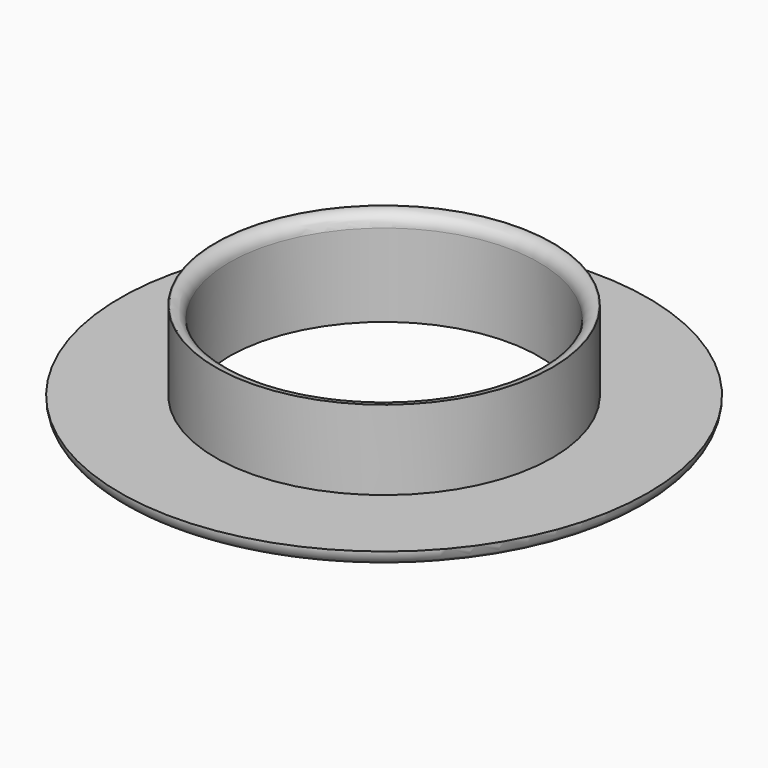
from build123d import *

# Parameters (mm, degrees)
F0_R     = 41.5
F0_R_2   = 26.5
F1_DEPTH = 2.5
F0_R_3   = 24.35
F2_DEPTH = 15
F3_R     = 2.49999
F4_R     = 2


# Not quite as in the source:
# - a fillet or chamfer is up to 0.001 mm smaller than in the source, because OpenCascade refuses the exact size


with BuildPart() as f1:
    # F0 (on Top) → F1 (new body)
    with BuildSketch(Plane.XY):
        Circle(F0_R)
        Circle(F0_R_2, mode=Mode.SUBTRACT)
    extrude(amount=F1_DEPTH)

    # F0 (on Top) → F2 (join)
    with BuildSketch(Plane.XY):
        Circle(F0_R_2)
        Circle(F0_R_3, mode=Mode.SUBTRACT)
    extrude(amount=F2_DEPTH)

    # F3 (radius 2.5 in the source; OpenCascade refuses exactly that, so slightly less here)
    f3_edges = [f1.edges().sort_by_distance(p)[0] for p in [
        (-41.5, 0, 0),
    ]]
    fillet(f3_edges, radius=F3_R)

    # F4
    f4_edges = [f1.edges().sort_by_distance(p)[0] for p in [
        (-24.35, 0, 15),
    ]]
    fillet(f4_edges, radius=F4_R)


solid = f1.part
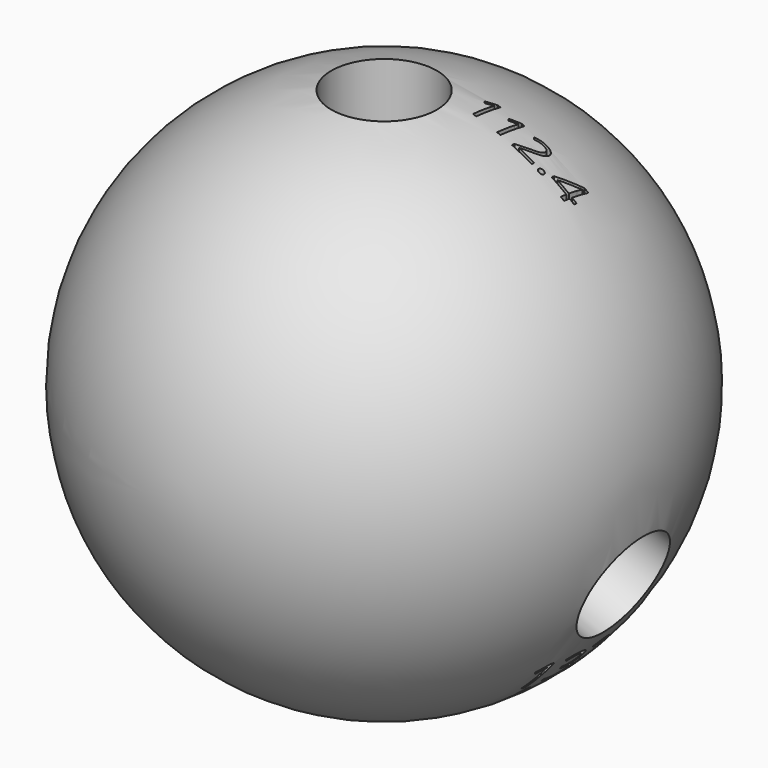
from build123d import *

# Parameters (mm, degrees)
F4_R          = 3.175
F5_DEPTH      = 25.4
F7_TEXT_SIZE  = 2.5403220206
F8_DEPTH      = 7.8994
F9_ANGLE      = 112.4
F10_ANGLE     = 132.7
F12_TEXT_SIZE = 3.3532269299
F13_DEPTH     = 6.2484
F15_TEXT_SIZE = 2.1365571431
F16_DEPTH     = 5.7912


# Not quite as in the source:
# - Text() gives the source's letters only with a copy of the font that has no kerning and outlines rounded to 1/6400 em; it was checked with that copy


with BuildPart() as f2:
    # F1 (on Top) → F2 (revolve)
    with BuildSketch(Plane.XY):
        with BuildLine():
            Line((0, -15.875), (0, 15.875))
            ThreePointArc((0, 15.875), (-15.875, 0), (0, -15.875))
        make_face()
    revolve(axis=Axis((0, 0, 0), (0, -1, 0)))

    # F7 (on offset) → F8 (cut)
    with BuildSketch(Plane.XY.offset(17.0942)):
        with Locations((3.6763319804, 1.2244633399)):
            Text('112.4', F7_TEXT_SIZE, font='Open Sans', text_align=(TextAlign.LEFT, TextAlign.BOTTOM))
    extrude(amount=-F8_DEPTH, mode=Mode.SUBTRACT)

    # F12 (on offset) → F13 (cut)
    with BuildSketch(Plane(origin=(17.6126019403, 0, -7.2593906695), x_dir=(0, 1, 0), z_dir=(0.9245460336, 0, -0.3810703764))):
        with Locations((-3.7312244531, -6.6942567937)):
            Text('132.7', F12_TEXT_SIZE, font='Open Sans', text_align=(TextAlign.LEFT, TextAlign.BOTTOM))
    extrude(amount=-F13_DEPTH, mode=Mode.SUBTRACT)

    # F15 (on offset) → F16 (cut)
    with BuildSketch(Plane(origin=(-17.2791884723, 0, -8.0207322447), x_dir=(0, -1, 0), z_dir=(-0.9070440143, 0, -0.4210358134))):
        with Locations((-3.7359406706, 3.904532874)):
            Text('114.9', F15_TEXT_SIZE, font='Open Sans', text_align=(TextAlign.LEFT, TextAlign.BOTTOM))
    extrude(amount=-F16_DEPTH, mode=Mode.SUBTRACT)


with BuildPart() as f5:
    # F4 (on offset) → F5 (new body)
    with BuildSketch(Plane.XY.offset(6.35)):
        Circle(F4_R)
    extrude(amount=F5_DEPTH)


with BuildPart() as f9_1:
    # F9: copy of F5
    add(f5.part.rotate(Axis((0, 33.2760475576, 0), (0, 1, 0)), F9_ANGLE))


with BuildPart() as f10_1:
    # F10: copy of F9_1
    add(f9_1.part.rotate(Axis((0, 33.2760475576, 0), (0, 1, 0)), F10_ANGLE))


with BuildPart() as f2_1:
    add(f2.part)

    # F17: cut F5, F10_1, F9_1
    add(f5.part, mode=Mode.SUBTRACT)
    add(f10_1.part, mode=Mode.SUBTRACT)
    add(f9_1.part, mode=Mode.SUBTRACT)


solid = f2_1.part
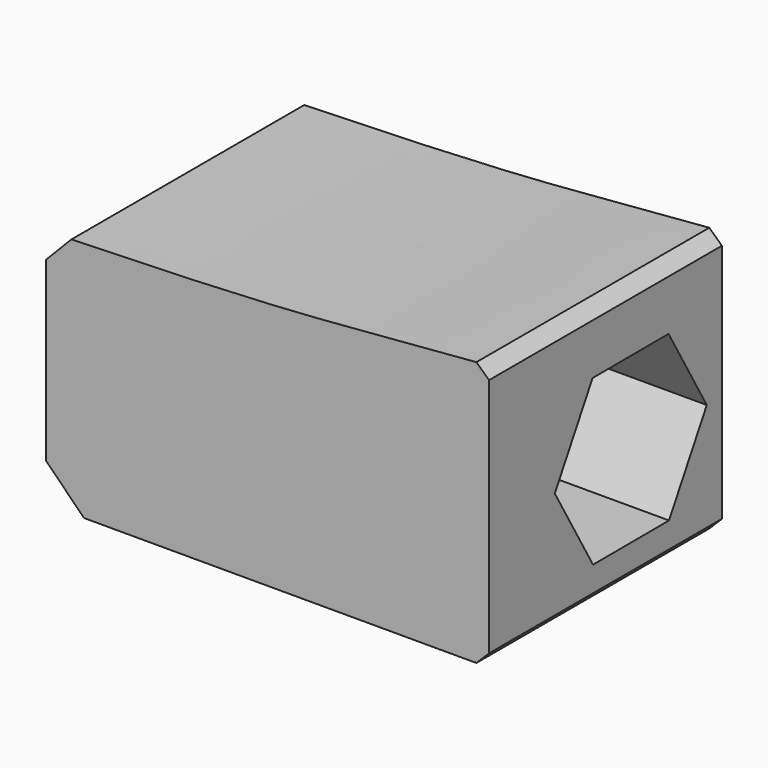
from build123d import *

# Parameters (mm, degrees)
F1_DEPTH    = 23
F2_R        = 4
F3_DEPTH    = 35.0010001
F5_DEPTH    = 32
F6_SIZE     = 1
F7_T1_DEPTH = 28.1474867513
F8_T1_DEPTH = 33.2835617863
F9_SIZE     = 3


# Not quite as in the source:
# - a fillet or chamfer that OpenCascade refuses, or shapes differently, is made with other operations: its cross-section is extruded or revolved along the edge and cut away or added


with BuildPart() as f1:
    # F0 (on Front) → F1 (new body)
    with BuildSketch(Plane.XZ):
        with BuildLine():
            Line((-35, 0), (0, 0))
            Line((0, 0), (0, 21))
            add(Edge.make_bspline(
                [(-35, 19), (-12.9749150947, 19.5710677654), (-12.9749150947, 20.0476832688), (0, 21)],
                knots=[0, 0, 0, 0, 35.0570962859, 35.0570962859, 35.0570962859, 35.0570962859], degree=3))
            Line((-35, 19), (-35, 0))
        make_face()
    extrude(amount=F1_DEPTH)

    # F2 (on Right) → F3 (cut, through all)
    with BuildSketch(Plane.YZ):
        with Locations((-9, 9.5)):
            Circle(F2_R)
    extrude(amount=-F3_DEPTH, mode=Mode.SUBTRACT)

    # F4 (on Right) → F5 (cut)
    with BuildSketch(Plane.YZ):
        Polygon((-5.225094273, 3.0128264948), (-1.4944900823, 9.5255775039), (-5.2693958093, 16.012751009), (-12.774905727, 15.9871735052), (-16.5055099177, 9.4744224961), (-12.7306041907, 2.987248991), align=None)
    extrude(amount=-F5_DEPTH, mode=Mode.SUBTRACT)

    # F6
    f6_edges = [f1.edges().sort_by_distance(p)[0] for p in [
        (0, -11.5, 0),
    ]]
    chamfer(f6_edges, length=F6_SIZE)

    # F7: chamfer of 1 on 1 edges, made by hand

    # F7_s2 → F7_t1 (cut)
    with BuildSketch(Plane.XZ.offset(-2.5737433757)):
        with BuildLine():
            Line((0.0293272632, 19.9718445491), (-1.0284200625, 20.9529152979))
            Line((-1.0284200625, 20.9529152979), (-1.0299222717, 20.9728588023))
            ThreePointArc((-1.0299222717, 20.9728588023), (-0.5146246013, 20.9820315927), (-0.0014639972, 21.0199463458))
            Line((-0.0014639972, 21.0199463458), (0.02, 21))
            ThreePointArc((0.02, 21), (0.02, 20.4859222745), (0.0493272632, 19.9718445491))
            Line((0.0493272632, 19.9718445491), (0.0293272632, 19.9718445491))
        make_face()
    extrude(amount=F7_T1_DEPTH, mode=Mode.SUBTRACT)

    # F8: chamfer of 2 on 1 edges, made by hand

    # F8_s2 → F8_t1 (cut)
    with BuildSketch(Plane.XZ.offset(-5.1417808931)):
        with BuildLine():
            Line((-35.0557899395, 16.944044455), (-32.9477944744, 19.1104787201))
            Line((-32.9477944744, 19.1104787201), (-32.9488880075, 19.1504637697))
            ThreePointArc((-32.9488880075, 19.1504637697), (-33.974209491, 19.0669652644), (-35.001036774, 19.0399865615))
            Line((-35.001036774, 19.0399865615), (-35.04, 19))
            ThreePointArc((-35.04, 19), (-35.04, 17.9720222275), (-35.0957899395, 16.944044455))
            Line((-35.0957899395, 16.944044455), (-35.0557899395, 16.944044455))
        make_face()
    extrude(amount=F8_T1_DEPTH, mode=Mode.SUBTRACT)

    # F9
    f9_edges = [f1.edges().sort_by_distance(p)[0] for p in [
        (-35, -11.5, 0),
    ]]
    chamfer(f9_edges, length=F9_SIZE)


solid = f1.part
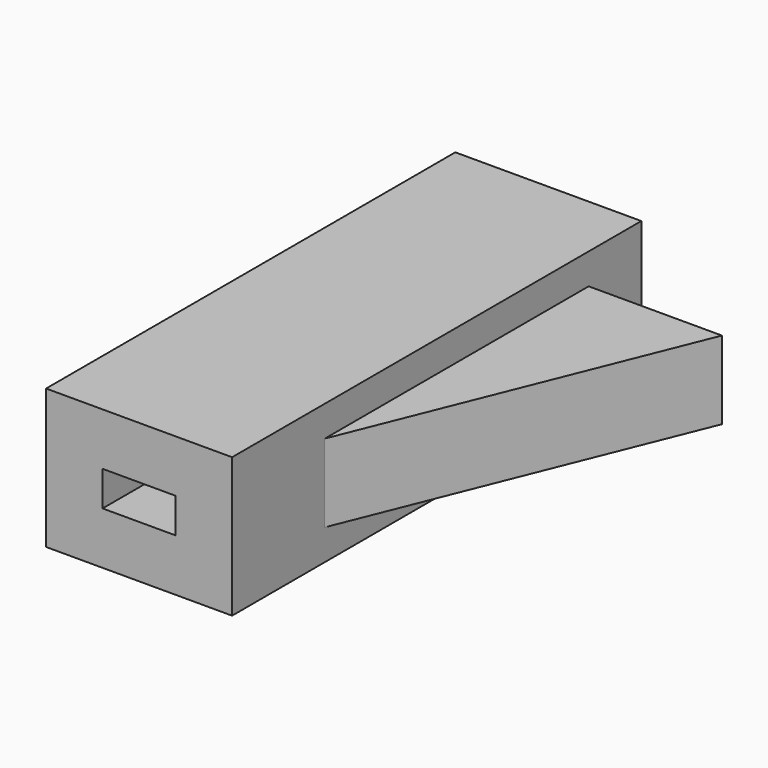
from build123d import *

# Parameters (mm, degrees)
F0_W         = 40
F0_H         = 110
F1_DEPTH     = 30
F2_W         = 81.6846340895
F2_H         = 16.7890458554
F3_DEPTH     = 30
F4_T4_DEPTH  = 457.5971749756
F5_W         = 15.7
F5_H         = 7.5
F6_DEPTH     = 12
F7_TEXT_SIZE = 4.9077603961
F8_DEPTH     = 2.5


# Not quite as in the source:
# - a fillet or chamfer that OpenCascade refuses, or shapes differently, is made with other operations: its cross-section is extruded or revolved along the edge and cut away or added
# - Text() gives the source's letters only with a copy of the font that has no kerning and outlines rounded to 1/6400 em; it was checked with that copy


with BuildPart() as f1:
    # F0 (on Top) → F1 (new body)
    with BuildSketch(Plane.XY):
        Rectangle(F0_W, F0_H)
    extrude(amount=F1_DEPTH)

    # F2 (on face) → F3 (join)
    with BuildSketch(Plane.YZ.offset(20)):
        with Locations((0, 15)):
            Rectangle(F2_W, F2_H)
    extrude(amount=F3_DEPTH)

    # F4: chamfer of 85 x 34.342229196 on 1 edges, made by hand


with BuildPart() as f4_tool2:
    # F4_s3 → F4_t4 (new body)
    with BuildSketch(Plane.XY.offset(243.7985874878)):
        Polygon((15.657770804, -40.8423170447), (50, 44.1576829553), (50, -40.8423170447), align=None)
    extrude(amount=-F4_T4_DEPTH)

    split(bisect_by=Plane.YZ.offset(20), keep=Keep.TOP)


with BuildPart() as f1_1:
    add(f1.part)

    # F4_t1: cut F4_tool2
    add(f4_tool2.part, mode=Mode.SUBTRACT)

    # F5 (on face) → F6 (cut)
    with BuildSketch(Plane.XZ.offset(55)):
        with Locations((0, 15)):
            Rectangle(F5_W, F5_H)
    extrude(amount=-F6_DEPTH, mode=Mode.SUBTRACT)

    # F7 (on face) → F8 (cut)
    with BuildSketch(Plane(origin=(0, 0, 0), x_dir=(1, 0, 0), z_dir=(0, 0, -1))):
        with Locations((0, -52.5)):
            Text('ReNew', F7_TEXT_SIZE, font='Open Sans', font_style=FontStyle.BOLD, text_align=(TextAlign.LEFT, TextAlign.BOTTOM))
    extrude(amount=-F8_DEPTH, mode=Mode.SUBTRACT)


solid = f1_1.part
==================================================
**Work required:** What is needed is a word-for-word copy of the lines from the start of the data to the line with "Circle(F0_R_2)", inclusive, with no pictures in it.

**Response area:**
from build123d import *

# Parameters (mm, degrees)
F0_R     = 41.5
F0_R_2   = 26.5
F1_DEPTH = 2.5
F0_R_3   = 24.35
F2_DEPTH = 15
F3_R     = 2.49999
F4_R     = 2


# Not quite as in the source:
# - a fillet or chamfer is up to 0.001 mm smaller than in the source, because OpenCascade refuses the exact size


with BuildPart() as f1:
    # F0 (on Top) → F1 (new body)
    with BuildSketch(Plane.XY):
        Circle(F0_R)
        Circle(F0_R_2, mode=Mode.SUBTRACT)
    extrude(amount=F1_DEPTH)

    # F0 (on Top) → F2 (join)
    with BuildSketch(Plane.XY):
        Circle(F0_R_2)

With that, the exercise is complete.